7. Blaming Your Tools: Injuries from Spades, Weed Trimmers, and Other Gardening Gear
Speaking of dangerous tools, gardeners encounter quite a few. Even a gardening shovel, left lying on the ground, can whack you with its handle if you absentmindedly step on its blade. For this reason, you’ll want to get into the habit of propping your long-handled tools upright rather than leaving them lying about underfoot.
Another good habit to adopt is to wear goggles or safety glasses when you are using weed trimmers to deflect any debris that is flung up. Even usually innocuous items can cause damage when hurled into your eyes.
8. A “Ticking” Time Bomb: Lyme Disease and Rocky Mountain Spotted Fever
Another danger could be lurking in that tall grass you are whacking: ticks, such as the tiny deer tick, which carries Lyme disease. Although the larger dog tick doesn’t transmit Lyme disease it can convey other potentially serious ones, such as Rocky Mountain spotted fever.
At the risk of being monotonously repetitive, we’ll have to again remind you to wear long-sleeved shirts and long pants while gardening—preferably light-colored ones—and tuck your pant cuffs into your gardening shoes. Inspect your skin for ticks before you shower and use narrow-nosed tweezers to pluck out any you find.
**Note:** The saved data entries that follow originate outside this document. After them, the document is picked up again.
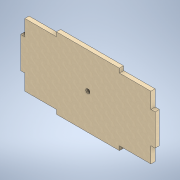
# Autodesk Inventor part: Platte4
Saved by Autodesk Inventor 2020.3 (Build 243373000, 373)
## iProperties
Created: 2020-11-28
Part Number: Platte4
Material: Generisch
Document SubType Name: Modeling
Designer: Stefan
Density: 1 g/cm^3
Appearance: Pappel
Author: Stefan
Autodesk Inventor part; units mm, degrees
ref_plane "YZ Plane" through (0, 0, 0) normal (1, 0, 0) x (0, 1, 0)
ref_plane "XZ Plane" through (0, 0, 0) normal (0, 1, 0) x (-1, 0, 0)
ref_plane "XY Plane" through (0, 0, 0) normal (0, 0, 1) x (1, 0, 0)
sketch "Skizze1" plane through (0, 0, 0) normal (0, 0, 1) x (1, 0, 0)
  line L0 (-150, -37.5) -> (-160, -37.5)
  line L1 (-160, -37.5) -> (-160, 37.5)
  line L2 (-160, 37.5) -> (-150, 37.5)
  line L3 (75, 75) -> (75, 85)
  line L4 (75, 85) -> (-75, 85)
  line L5 (-75, 85) -> (-75, 75)
  line L6 (0, -75) -> (0, 75) construction
  line L7 (-150, 0) -> (150, 0) construction
  line L8 (150, -37.5) -> (160, -37.5)
  line L9 (160, -37.5) -> (160, 37.5)
  line L10 (160, 37.5) -> (150, 37.5)
  line L11 (75, -75) -> (75, -85)
  line L12 (75, -85) -> (-75, -85)
  line L13 (-75, -85) -> (-75, -75)
  line L14 (-150, 75) -> (-150, 37.5)
  line L15 (-150, -37.5) -> (-150, -75)
  line L16 (-150, -75) -> (-75, -75)
  line L17 (75, -75) -> (150, -75)
  line L18 (150, -75) -> (150, -37.5)
  line L19 (150, 37.5) -> (150, 75)
  line L20 (150, 75) -> (75, 75)
  line L21 (-75, 75) -> (-150, 75)
  circle A0 centre (0, 0) radius 5
  dimension "d14" = 300
  dimension "d15" = 150
  dimension "d16" = 75
  dimension "d17" = 150
  dimension "d18" = 10
  dimension "d21" = 10
  dimension "d24" = 320
  dimension "d25" = 10
  dimension "d26" = 10
  constraints: 44 end point, 10 parallel, 8 symmetric about line, 5 perpendicular, 3 horizontal, 2 point on line, 1 centre point, 1 coincident
  measures "d14" distance of L14.start L19.end
  measures "d15" distance of L14.start L16.start
  measures "d16" distance of L0.end L1.end
  measures "d17" distance of L4.end L4.start
  measures "d18" distance of L1.end L2.end
  measures "d21" diameter of A0
  measures "d24" distance between parallel lines of L9 L1
  measures "d25" distance of L11.start L12.start
  measures "d26" distance of L10.start L19.start
extrude "Extrusion3" add sketch "Skizze1" along normal blind 10
equation "\"d9\" = d10"
equation "\"d10\" = 12"

9. Ratting Around: Leptospirosis and Salmonella from Rodents
If your property is becoming overrun with rats due to the garbage you are adding to your compost, keep in mind that such rodents—and other animals—can spread a rare bacterial disease called leptospirosis through their urine. They also may transmit the more common salmonella bacteria through their feces.
To avoid attracting rats to your property, keep your garbage cans tightly capped and use an enclosed composting system such as a tumbler rather than an open pile. Also, wash your hands thoroughly if you come into contact with dead rats or their excrements.
10. Exerting Yourself: Heart Stress or Asthma Attacks
If you have serious heart or lung issues, overexerting yourself in the garden could cause more than minor symptoms. In fact, shoveling of heavy soil could give rise to some of the same emergencies generated by snow shoveling during winter: namely, heart or asthma attacks.
To prevent that, gardening in raised beds or patio boxes—which you can tend while in a standing or sitting position—is a good idea, because it requires less bending and kneeling than tending in-ground plots. Just get somebody else to fill those beds or boxes!